Джеймс присовокупил: «О! Еще шаг, и вы избавите человечество от рака!»
Так что все было тип-топ. В заключение Джеймс Д. Джеймс и Платон
Николаевич обменялись книгами, сделав на них дарственные надписи своими
авторучками: Зубов «Союзом», Джеймс Д. Джеймс «Монбланом».
Чего же больше?
Так нет. Растроганный Джеймс Д. Джеймс предложил и ручками обменяться
— на память.
— Между прочим, — заметил американец, вертя в пальцах изумруднополосатый «Монблан», — эти ручки имели лучшую рекламу. Однажды фирма
«Паркер» напечатала рекламу в журнале «Паримач»: Эйфелева башня, у подножия
лежит авторучка «Паркер» и надпись: «Если вы сбросите нашу ручку даже с этой
башни, она останется цела». И что же «Монблан»? В очередном номере рисунок:
Эйфелева башня, а у подножия ручка, разбитая вдребезги. И надпись: «Если вы
сбросите "Монблан" с этой башни, он разобьется. Но, если вы не будете этого
делать, ручка будет безотказно служить вам до конца ваших дней». А? Вандерфул!
— Американец гордо хохотал, точно сам был автором остроумной рекламы.
Смеялись и Зубовы, потому что действительно остроумно выдумал
«Монблан». Смеялся и Станислав Стишов, находившийся тут же.

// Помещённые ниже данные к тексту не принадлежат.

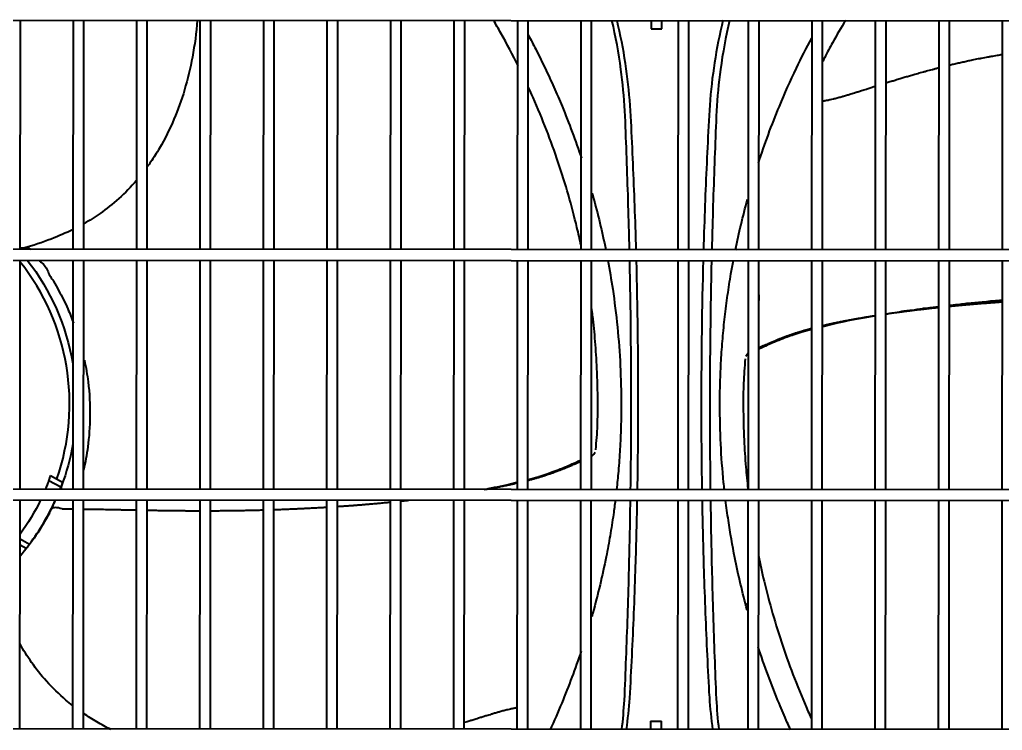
# Model space of a CAD drawing. Extents: x 58467 to 79089, y -33726 to -17391.
# Drawn here: x 72313.21 to 72349.58, y -20826.53 to -20800.22 of the extents above; entities that cross this region are included whole.
import ezdxf

# ---------------------------------------------------------------- set-up
doc = ezdxf.new("R2010")
doc.units = 0
doc.header["$LTSCALE"] = 100
doc.layers.add('+ENTE-ST-DOSEME USTU KONDDRENAJ', color=110, linetype='DOSEMEUSTUKONDENSDRENAJ_LINE', lineweight=40)
doc.linetypes.add('DOSEMEUSTUKONDENSDRENAJ_LINE', pattern='A,300,-40,["CD",Standard,S=15,R=0,X=-35,Y=-7.5],0', length=340)

# ---------------------------------------------------------------- blocks, each defined once
blk = doc.blocks.new('TV KLİMA SANTRALİ')
at = {"color": 3}
for p, q in [((54065.973, -33501.304, -2.269), (54184.335, -33501.376, -2.269)), ((54101.035, -33509.805, -2.269), (54101.04, -33501.326, -2.269)), ((54102.99, -33501.327, -2.269), (54102.985, -33509.806, -2.269)), ((54103.385, -33509.806, -2.269), (54103.39, -33501.327, -2.269)), ((54105.34, -33501.329, -2.269), (54105.335, -33509.807, -2.269)), ((54105.735, -33509.807, -2.269), (54105.74, -33501.329, -2.269)), ((54107.689, -33501.33, -2.269), (54107.684, -33509.809, -2.269)), ((54108.084, -33509.809, -2.269), (54108.089, -33501.33, -2.269)), ((54110.039, -33501.332, -2.269), (54110.034, -33509.81, -2.269)), ((54110.434, -33509.81, -2.269), (54110.439, -33501.332, -2.269)), ((54112.389, -33501.333, -2.269), (54112.384, -33509.812, -2.269)), ((54112.783, -33509.812, -2.269), (54112.789, -33501.333, -2.269)), ((54114.738, -33501.334, -2.269), (54114.733, -33509.813, -2.269)), ((54115.133, -33509.813, -2.269), (54115.138, -33501.335, -2.269)), ((54117.088, -33501.336, -2.269), (54117.083, -33509.814, -2.269)), ((54117.483, -33509.815, -2.269), (54117.488, -33501.336, -2.269)), ((54119.438, -33501.337, -2.269), (54119.432, -33509.816, -2.269)), ((54119.832, -33509.816, -2.269), (54119.838, -33501.337, -2.269)), ((54121.787, -33501.339, -2.269), (54121.782, -33509.817, -2.269)), ((54122.182, -33509.818, -2.269), (54122.187, -33501.339, -2.269)), ((54124.387, -33501.34, -2.269), (54124.387, -33501.64, -2.269)), ((54124.787, -33501.64, -2.269), (54124.787, -33501.34, -2.269)), ((54125.387, -33501.341, -2.269), (54125.382, -33509.819, -2.269)), ((54125.782, -33509.819, -2.269), (54125.787, -33501.341, -2.269)), ((54127.986, -33501.342, -2.269), (54127.981, -33509.821, -2.269)), ((54128.381, -33509.821, -2.269), (54128.386, -33501.343, -2.269)), ((54130.336, -33501.344, -2.269), (54130.331, -33509.822, -2.269)), ((54130.731, -33509.823, -2.269), (54130.736, -33501.344, -2.269)), ((54132.686, -33501.345, -2.269), (54132.68, -33509.824, -2.269)), ((54133.08, -33509.824, -2.269), (54133.085, -33501.346, -2.269)), ((54124.387, -33501.64, -2.269), (54124.787, -33501.64, -2.269)), ((54135.035, -33501.347, -2.269), (54135.03, -33509.825, -2.269)), ((54135.43, -33509.826, -2.269), (54135.435, -33501.347, -2.269)), ((54137.385, -33501.348, -2.269), (54137.38, -33509.827, -2.269)), ((54184.33, -33509.855, -2.269), (54065.967, -33509.783, -2.269)), ((54065.967, -33510.183, -2.269), (54184.33, -33510.255, -2.269)), ((54101.03, -33518.682, -2.269), (54101.035, -33510.205, -2.269)), ((54102.985, -33510.206, -2.269), (54102.98, -33518.683, -2.269)), ((54103.38, -33518.684, -2.269), (54103.385, -33510.206, -2.269)), ((54105.334, -33510.207, -2.269), (54105.329, -33518.685, -2.269)), ((54105.729, -33518.685, -2.269), (54105.734, -33510.207, -2.269)), ((54107.684, -33510.209, -2.269), (54107.679, -33518.686, -2.269)), ((54108.079, -33518.687, -2.269), (54108.084, -33510.209, -2.269)), ((54110.034, -33510.21, -2.269), (54110.029, -33518.688, -2.269)), ((54110.428, -33518.688, -2.269), (54110.434, -33510.21, -2.269)), ((54112.383, -33510.212, -2.269), (54112.378, -33518.689, -2.269)), ((54112.778, -33518.689, -2.269), (54112.783, -33510.212, -2.269)), ((54114.733, -33510.213, -2.269), (54114.728, -33518.691, -2.269)), ((54115.128, -33518.691, -2.269), (54115.133, -33510.213, -2.269)), ((54117.083, -33510.214, -2.269), (54117.077, -33518.692, -2.269)), ((54117.477, -33518.692, -2.269), (54117.483, -33510.215, -2.269)), ((54119.432, -33510.216, -2.269), (54119.427, -33518.693, -2.269)), ((54119.827, -33518.694, -2.269), (54119.832, -33510.216, -2.269)), ((54121.782, -33510.217, -2.269), (54121.777, -33518.695, -2.269)), ((54122.177, -33518.695, -2.269), (54122.182, -33510.217, -2.269)), ((54125.381, -33510.219, -2.269), (54125.376, -33518.697, -2.269)), ((54125.776, -33518.698, -2.269), (54125.781, -33510.219, -2.269)), ((54127.981, -33510.221, -2.269), (54127.976, -33518.699, -2.269)), ((54128.376, -33518.699, -2.269), (54128.381, -33510.221, -2.269)), ((54130.33, -33510.222, -2.269), (54130.325, -33518.7, -2.269)), ((54130.725, -33518.7, -2.269), (54130.73, -33510.223, -2.269)), ((54132.68, -33510.224, -2.269), (54132.675, -33518.702, -2.269)), ((54133.075, -33518.702, -2.269), (54133.08, -33510.224, -2.269)), ((54135.03, -33510.225, -2.269), (54135.025, -33518.703, -2.269)), ((54135.425, -33518.703, -2.269), (54135.43, -33510.226, -2.269)), ((54137.379, -33510.227, -2.269), (54137.374, -33518.704, -2.269)), ((54102.534, -33518.616, -2.269), (54102.091, -33518.373, -2.269)), ((54102.16, -33518.182, -2.269), (54102.604, -33518.426, -2.269)), ((54184.325, -33518.733, -2.269), (54065.962, -33518.661, -2.269)), ((54065.962, -33519.061, -2.269), (54184.325, -33519.133, -2.269)), ((54101.025, -33527.561, -2.269), (54101.03, -33519.082, -2.269)), ((54102.979, -33519.083, -2.269), (54102.974, -33527.562, -2.269)), ((54103.374, -33527.562, -2.269), (54103.379, -33519.084, -2.269)), ((54105.329, -33519.085, -2.269), (54105.324, -33527.563, -2.269)), ((54105.724, -33527.564, -2.269), (54105.729, -33519.085, -2.269)), ((54107.679, -33519.086, -2.269), (54107.673, -33527.565, -2.269)), ((54108.073, -33527.565, -2.269), (54108.079, -33519.087, -2.269)), ((54110.028, -33519.088, -2.269), (54110.023, -33527.566, -2.269)), ((54110.423, -33527.567, -2.269), (54110.428, -33519.088, -2.269)), ((54112.378, -33519.089, -2.269), (54112.373, -33527.568, -2.269)), ((54112.773, -33527.568, -2.269), (54112.778, -33519.089, -2.269)), ((54114.728, -33519.091, -2.269), (54114.722, -33527.569, -2.269)), ((54115.122, -33527.569, -2.269), (54115.127, -33519.091, -2.269)), ((54117.077, -33519.092, -2.269), (54117.072, -33527.571, -2.269)), ((54117.472, -33527.571, -2.269), (54117.477, -33519.092, -2.269)), ((54119.427, -33519.093, -2.269), (54119.422, -33527.572, -2.269)), ((54119.822, -33527.572, -2.269), (54119.827, -33519.094, -2.269)), ((54121.776, -33519.095, -2.269), (54121.771, -33527.573, -2.269)), ((54122.171, -33527.574, -2.269), (54122.176, -33519.095, -2.269)), ((54125.376, -33519.097, -2.269), (54125.371, -33527.576, -2.269)), ((54125.771, -33527.576, -2.269), (54125.776, -33519.098, -2.269)), ((54127.975, -33519.099, -2.269), (54127.97, -33527.577, -2.269)), ((54128.37, -33527.577, -2.269), (54128.375, -33519.099, -2.269)), ((54130.325, -33519.1, -2.269), (54130.32, -33527.579, -2.269)), ((54130.72, -33527.579, -2.269), (54130.725, -33519.1, -2.269)), ((54132.675, -33519.102, -2.269), (54132.67, -33527.58, -2.269)), ((54133.07, -33527.58, -2.269), (54133.075, -33519.102, -2.269)), ((54135.024, -33519.103, -2.269), (54135.019, -33527.582, -2.269)), ((54135.419, -33527.582, -2.269), (54135.424, -33519.103, -2.269)), ((54137.374, -33519.104, -2.269), (54137.369, -33527.583, -2.269)), ((54103.379, -33520, -2.269), (54103.382, -33520.001, -2.269)), ((54103.379, -33520, -2.269), (54103.382, -33520.001, -2.269)), ((54101.029, -33520.527, -2.269), (54101.379, -33520.719, -2.269)), ((54101.256, -33520.88, -2.269), (54101.029, -33520.755, -2.269)), ((54127.924, -33522.957, -2.269), (54127.973, -33522.916, -2.269)), ((54103.381, -33523.952, -2.269), (54103.376, -33523.957, -2.269)), ((54124.372, -33527.276, -2.269), (54124.371, -33527.576, -2.269)), ((54124.771, -33527.576, -2.269), (54124.771, -33527.276, -2.269)), ((54184.319, -33527.612, -2.269), (54065.957, -33527.54, -2.269))]:
    blk.add_line(p, q, dxfattribs=at)
at = {"color": 3, "extrusion": (5.24685e-06, -5.62791e-06, 1)}
blk.add_arc((54101.14, -33509.25, -1.794), 0.5, 257.9345, 286.4376, dxfattribs=at)
at = {"color": 3}
for centre, radius, start, end in [((54127.291, -33511.593, -2.269), 1.795, 81.0216, 82.6935), ((54094.413, -33515.523, -2.269), 8.449, 340.7519, 38.3852), ((54127.291, -33511.593, -2.269), 1.1, 351.8033, 8.1269), ((54094.413, -33515.523, -2.269), 8.691, 323.28, 335.8148)]:
    blk.add_arc(centre, radius, start, end, dxfattribs=at)
at = {"color": 3, "extrusion": (0, 0, -1)}
for radius, start, end in [(8.699, 142.3068, 170.1291), (8.699, 189.9399, 200.4706), (8.191, 200.3616, 202.6972), (8.191, 205.7646, 216.119), (8.699, 207.7046, 220.4867)]:
    blk.add_arc((-54094.413, -33515.523, 2.269), radius, start, end, dxfattribs=at)
at = {"color": 3}
blk.add_ellipse((54103.03, -33518.74, -2.269), major_axis=(-0.468, 0.175), ratio=0.588101, start_param=0, end_param=0.392495, dxfattribs=at)
for points, knots in [([(54107.59, -33501.33, -2.269), (54107.554, -33501.785, -2.269), (54107.438, -33502.653, -2.269), (54107.147, -33503.879, -2.269), (54106.743, -33505.012, -2.269), (54106.302, -33505.899, -2.269), (54105.941, -33506.468, -2.269), (54105.783, -33506.69, -2.269), (54105.743, -33506.746, -2.269)], [0, 0, 0, 0, 0.239591, 0.456522, 0.654829, 0.860679, 0.964908, 1, 1, 1, 1]), ([(54119.47, -33503.018, -2.269), (54119.267, -33502.612, -2.269), (54118.969, -33502.048, -2.269), (54118.647, -33501.488, -2.269), (54118.555, -33501.331, -2.269)], [0, 0, 0, 0, 0.719224, 1, 1, 1, 1]), ([(54123.589, -33509.817, -2.269), (54123.585, -33509.659, -2.269), (54123.581, -33509.501, -2.269), (54123.551, -33508.308, -2.269), (54123.519, -33507.272, -2.269), (54123.46, -33505.719, -2.269), (54123.444, -33505.201, -2.269), (54123.389, -33504.168, -2.269), (54123.342, -33503.656, -2.269), (54123.191, -33502.537, -2.269), (54123.08, -33501.933, -2.269), (54122.939, -33501.334, -2.269)], [0, 0, 0, 0, 0.055363, 0.055363, 0.419, 0.419, 0.600818, 0.600818, 0.782636, 0.782636, 1, 1, 1, 1]), ([(54123.837, -33509.818, -2.269), (54123.831, -33509.604, -2.269), (54123.825, -33509.39, -2.269), (54123.785, -33508.133, -2.269), (54123.744, -33507.09, -2.269), (54123.669, -33505.526, -2.269), (54123.648, -33505.004, -2.269), (54123.575, -33503.963, -2.269), (54123.518, -33503.444, -2.269), (54123.358, -33502.39, -2.269), (54123.254, -33501.857, -2.269), (54123.128, -33501.331, -2.269)], [0, 0, 0, 0, 0.075143, 0.075143, 0.442368, 0.442368, 0.625981, 0.625981, 0.809594, 0.809594, 1, 1, 1, 1]), ([(54127.047, -33501.327, -2.269), (54126.922, -33501.846, -2.269), (54126.818, -33502.371, -2.269), (54126.656, -33503.419, -2.269), (54126.597, -33503.942, -2.269), (54126.522, -33504.986, -2.269), (54126.5, -33505.509, -2.269), (54126.423, -33507.076, -2.269), (54126.38, -33508.121, -2.269), (54126.339, -33509.384, -2.269), (54126.333, -33509.602, -2.269), (54126.326, -33509.819, -2.269)], [0, 0, 0, 0, 0.189158, 0.189158, 0.372762, 0.372762, 0.556366, 0.556366, 0.923574, 0.923574, 1, 1, 1, 1]), ([(54127.294, -33501.336, -2.269), (54127.152, -33501.935, -2.269), (54127.04, -33502.539, -2.269), (54126.888, -33503.657, -2.269), (54126.84, -33504.17, -2.269), (54126.784, -33505.202, -2.269), (54126.767, -33505.721, -2.269), (54126.707, -33507.273, -2.269), (54126.673, -33508.309, -2.269), (54126.642, -33509.503, -2.269), (54126.638, -33509.661, -2.269), (54126.634, -33509.819, -2.269)], [0, 0, 0, 0, 0.21737, 0.21737, 0.399155, 0.399155, 0.58094, 0.58094, 0.94451, 0.94451, 1, 1, 1, 1]), ([(54131.592, -33501.339, -2.269), (54131.42, -33501.606, -2.269), (54131.154, -33502.059, -2.269), (54130.882, -33502.575, -2.269), (54130.76, -33502.813, -2.269), (54130.734, -33502.865, -2.269)], [0, 0, 0, 0, 0.545072, 0.900711, 1, 1, 1, 1]), ([(54119.841, -33501.872, -2.269), (54119.935, -33502.047, -2.269), (54120.148, -33502.453, -2.269), (54120.466, -33503.097, -2.269), (54120.791, -33503.801, -2.269), (54121.265, -33504.904, -2.269), (54121.593, -33505.788, -2.269), (54121.81, -33506.438, -2.269)], [0, 0, 0, 0, 0.11975, 0.276771, 0.432533, 0.587035, 1, 1, 1, 1]), ([(54128.361, -33506.612, -2.269), (54128.592, -33505.903, -2.269), (54129.03, -33504.72, -2.269), (54129.715, -33503.187, -2.269), (54130.137, -33502.353, -2.269), (54130.335, -33501.984, -2.269)], [0, 0, 0, 0, 0.443757, 0.750386, 1, 1, 1, 1]), ([(54135.431, -33502.986, -2.269), (54135.482, -33502.973, -2.269), (54135.591, -33502.947, -2.269), (54135.758, -33502.908, -2.269), (54135.931, -33502.869, -2.269), (54136.104, -33502.832, -2.269), (54136.296, -33502.791, -2.269), (54136.47, -33502.756, -2.269), (54136.663, -33502.718, -2.269), (54136.818, -33502.689, -2.269), (54137.013, -33502.654, -2.269), (54137.188, -33502.624, -2.269), (54137.325, -33502.602, -2.269), (54137.384, -33502.592, -2.269)], [0, 0, 0, 0, 0.079541, 0.168728, 0.257914, 0.3471, 0.436286, 0.555201, 0.614659, 0.733574, 0.793032, 0.911947, 1, 1, 1, 1]), ([(54133.084, -33503.644, -2.269), (54133.095, -33503.641, -2.269), (54133.157, -33503.621, -2.269), (54133.269, -33503.587, -2.269), (54133.405, -33503.545, -2.269), (54133.543, -33503.503, -2.269), (54133.681, -33503.461, -2.269), (54133.838, -33503.415, -2.269), (54133.995, -33503.369, -2.269), (54134.136, -33503.329, -2.269), (54134.295, -33503.283, -2.269), (54134.438, -33503.243, -2.269), (54134.618, -33503.194, -2.269), (54134.763, -33503.155, -2.269), (54134.913, -33503.116, -2.269), (54134.992, -33503.095, -2.269), (54135.033, -33503.085, -2.269)], [0, 0, 0, 0, 0.018571, 0.09977, 0.180968, 0.235101, 0.3163, 0.397499, 0.478698, 0.559896, 0.614029, 0.722294, 0.776427, 0.884692, 0.938824, 1, 1, 1, 1]), ([(54121.794, -33509.655, -2.269), (54121.747, -33509.436, -2.269), (54121.516, -33508.416, -2.269), (54120.995, -33506.593, -2.269), (54120.325, -33504.862, -2.269), (54119.909, -33503.94, -2.269), (54119.853, -33503.818, -2.269)], [0, 0, 0, 0, 0.112914, 0.525694, 0.936978, 1, 1, 1, 1]), ([(54130.728, -33504.312, -2.269), (54130.73, -33504.311, -2.269), (54130.75, -33504.309, -2.269), (54130.793, -33504.304, -2.269), (54130.845, -33504.296, -2.269), (54130.908, -33504.285, -2.269), (54130.968, -33504.273, -2.269), (54131.045, -33504.256, -2.269), (54131.124, -33504.238, -2.269), (54131.205, -33504.218, -2.269), (54131.278, -33504.199, -2.269), (54131.351, -33504.179, -2.269), (54131.439, -33504.154, -2.269), (54131.53, -33504.128, -2.269), (54131.637, -33504.097, -2.269), (54131.732, -33504.068, -2.269), (54131.829, -33504.039, -2.269), (54131.928, -33504.008, -2.269), (54132.043, -33503.972, -2.269), (54132.161, -33503.935, -2.269), (54132.266, -33503.902, -2.269), (54132.372, -33503.869, -2.269), (54132.495, -33503.83, -2.269), (54132.605, -33503.795, -2.269), (54132.667, -33503.775, -2.269), (54132.683, -33503.77, -2.269)], [0, 0, 0, 0, 0.005985, 0.045742, 0.085498, 0.125255, 0.165012, 0.204768, 0.264403, 0.30416, 0.343916, 0.383673, 0.423429, 0.483064, 0.522821, 0.582456, 0.622212, 0.661969, 0.721603, 0.781238, 0.820995, 0.860751, 0.920386, 0.980021, 1, 1, 1, 1]), ([(54105.339, -33507.256, -2.269), (54105.135, -33507.492, -2.269), (54104.711, -33507.927, -2.269), (54104.049, -33508.455, -2.269), (54103.598, -33508.74, -2.269), (54103.393, -33508.857, -2.269)], [0, 0, 0, 0, 0.373378, 0.722391, 1, 1, 1, 1]), ([(54122.205, -33507.728, -2.269), (54122.215, -33507.765, -2.269), (54122.408, -33508.455, -2.269), (54122.575, -33509.152, -2.269), (54122.709, -33509.816, -2.269)], [0, 0, 0, 0, 0.052887, 1, 1, 1, 1]), ([(54102.99, -33509.072, -2.269), (54102.728, -33509.202, -2.269), (54102.129, -33509.462, -2.269), (54101.509, -33509.669, -2.269), (54101.158, -33509.765, -2.269)], [0, 0, 0, 0, 0.448668, 1, 1, 1, 1]), ([(54101.275, -33509.736, -2.269), (54101.276, -33509.738, -2.269), (54101.279, -33509.741, -2.269), (54101.299, -33509.749, -2.269), (54101.316, -33509.754, -2.269), (54101.366, -33509.768, -2.269), (54101.401, -33509.781, -2.269), (54101.431, -33509.803, -2.269), (54101.432, -33509.804, -2.269), (54101.433, -33509.804, -2.269)], [0, 0, 0, 0, 0.194513, 0.194513, 0.457401, 0.457401, 0.983178, 0.983178, 1, 1, 1, 1]), ([(54101.738, -33510.211, -2.269), (54101.758, -33510.236, -2.269), (54101.784, -33510.259, -2.269), (54101.868, -33510.329, -2.269), (54101.921, -33510.384, -2.269), (54102.007, -33510.507, -2.269), (54102.038, -33510.575, -2.269), (54102.09, -33510.706, -2.269), (54102.121, -33510.763, -2.269), (54102.19, -33510.873, -2.269), (54102.229, -33510.927, -2.269), (54102.332, -33511.098, -2.269), (54102.395, -33511.212, -2.269), (54102.582, -33511.553, -2.269), (54102.694, -33511.784, -2.269), (54102.875, -33512.19, -2.269), (54102.947, -33512.367, -2.269), (54103.013, -33512.544, -2.269)], [0, 0, 0, 0, 0.035525, 0.035525, 0.109228, 0.109228, 0.18293, 0.18293, 0.256633, 0.256633, 0.330336, 0.330336, 0.477742, 0.477742, 0.772553, 0.772553, 1, 1, 1, 1]), ([(54122.787, -33510.214, -2.269), (54122.853, -33510.568, -2.269), (54122.992, -33511.388, -2.269), (54123.152, -33512.688, -2.269), (54123.263, -33514.117, -2.269), (54123.276, -33515.078, -2.269), (54123.283, -33515.56, -2.269)], [0, 0, 0, 0, 0.200697, 0.464092, 0.73053, 1, 1, 1, 1]), ([(54126.932, -33515.563, -2.269), (54126.935, -33515.288, -2.269), (54126.94, -33514.74, -2.269), (54126.977, -33513.921, -2.269), (54127.035, -33513.109, -2.269), (54127.115, -33512.304, -2.269), (54127.218, -33511.506, -2.269), (54127.326, -33510.812, -2.269), (54127.404, -33510.384, -2.269), (54127.435, -33510.218, -2.269)], [0, 0, 0, 0, 0.153416, 0.305853, 0.457308, 0.607781, 0.75727, 0.905773, 1, 1, 1, 1]), ([(54137.379, -33511.701, -2.269), (54137.327, -33511.705, -2.269), (54137.217, -33511.712, -2.269), (54137.045, -33511.723, -2.269), (54136.816, -33511.745, -2.269), (54136.577, -33511.774, -2.269), (54136.364, -33511.793, -2.269), (54136.184, -33511.805, -2.269), (54136.013, -33511.821, -2.269), (54135.795, -33511.856, -2.269), (54135.578, -33511.872, -2.269), (54135.45, -33511.884, -2.269), (54135.428, -33511.887, -2.269)], [0, 0, 0, 0, 0.073989, 0.153729, 0.239276, 0.420725, 0.584233, 0.647352, 0.701423, 0.819298, 0.967653, 1, 1, 1, 1]), ([(54137.379, -33511.763, -2.269), (54137.329, -33511.766, -2.269), (54137.23, -33511.773, -2.269), (54137.081, -33511.784, -2.269), (54136.934, -33511.795, -2.269), (54136.789, -33511.806, -2.269), (54136.63, -33511.818, -2.269), (54136.473, -33511.831, -2.269), (54136.315, -33511.844, -2.269), (54136.158, -33511.857, -2.269), (54136.017, -33511.87, -2.269), (54135.86, -33511.884, -2.269), (54135.718, -33511.897, -2.269), (54135.563, -33511.912, -2.269), (54135.472, -33511.921, -2.269), (54135.428, -33511.925, -2.269)], [0, 0, 0, 0, 0.075163, 0.148659, 0.222156, 0.295652, 0.369148, 0.467143, 0.54064, 0.614136, 0.712131, 0.761129, 0.859124, 0.93262, 1, 1, 1, 1]), ([(54122.34, -33517.223, -2.269), (54122.37, -33516.92, -2.269), (54122.413, -33516.328, -2.269), (54122.419, -33515.326, -2.269), (54122.396, -33514.293, -2.269), (54122.327, -33513.229, -2.269), (54122.252, -33512.479, -2.269), (54122.201, -33512.061, -2.269), (54122.188, -33511.962, -2.269)], [0, 0, 0, 0, 0.167977, 0.330025, 0.566807, 0.758181, 0.942521, 1, 1, 1, 1]), ([(54135.025, -33511.937, -2.269), (54134.96, -33511.946, -2.269), (54134.815, -33511.966, -2.269), (54134.63, -33511.983, -2.269), (54134.335, -33512.018, -2.269), (54134.111, -33512.062, -2.269), (54133.849, -33512.089, -2.269), (54133.599, -33512.122, -2.269), (54133.347, -33512.166, -2.269), (54133.169, -33512.194, -2.269), (54133.081, -33512.207, -2.269)], [0, 0, 0, 0, 0.113321, 0.262749, 0.319434, 0.510079, 0.587964, 0.672012, 0.853439, 1, 1, 1, 1]), ([(54135.028, -33511.966, -2.269), (54135.002, -33511.969, -2.269), (54134.945, -33511.975, -2.269), (54134.827, -33511.988, -2.269), (54134.69, -33512.003, -2.269), (54134.538, -33512.02, -2.269), (54134.387, -33512.038, -2.269), (54134.251, -33512.054, -2.269), (54134.1, -33512.073, -2.269), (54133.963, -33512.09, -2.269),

Теперь-то, когда Корнелии Платоновны уже пет на земле, можно признаться,
что траектория голубого шара в палевых розах была предназначена вовсе не
заморскому гостю, а Стишову, он ведь, как помните, был объектом чувств
Корнелии Платоновны на данном отрезке времени. А также объектом волнений
Платона Николаевича. По поводу бесталанности сочиняемой Стишовым
диссертации.
Но, в общем, все было тип-топ.
И никто бы в ум не взял, что за этим последует. А... Через неделю на общем
собрании института под гневный ропот зала Стишов рассказал, что Зубовы, пороча
честь советского ученого, продали американскому империализму почти готовую
противораковую вакцину. Мало того, за тридцать сребреников — за заграничную
ручку. Мало того, вакцину-то добывали при помощи микробиологии, которая, как
известно, буржуазная лжепаука.
И последовал разгром. Разгром в прямом смысле слова: в лабораторию Зубова
явилась делегация защитников чести советской науки, вооруженная железными
прутами, и побила все колбы-реторты, все как есть. Возглавлял делегацию, как и
сам разгром, Станислав Стишов.
Надо же! В дни путча сидела и работала целыми днями, хотя изводилась из-за
Вадима и, вообще, от всех черных мыслей. А теперь, когда все в порядке, не могу
усадить себя за стол. Вчера почти весь день проторчала у телевизора. По всем
программам передают хронику событий. Я даже не представляла, что столько
удастся снять! Особенно жадно, конечно, разглядывала съемки у Белого дома.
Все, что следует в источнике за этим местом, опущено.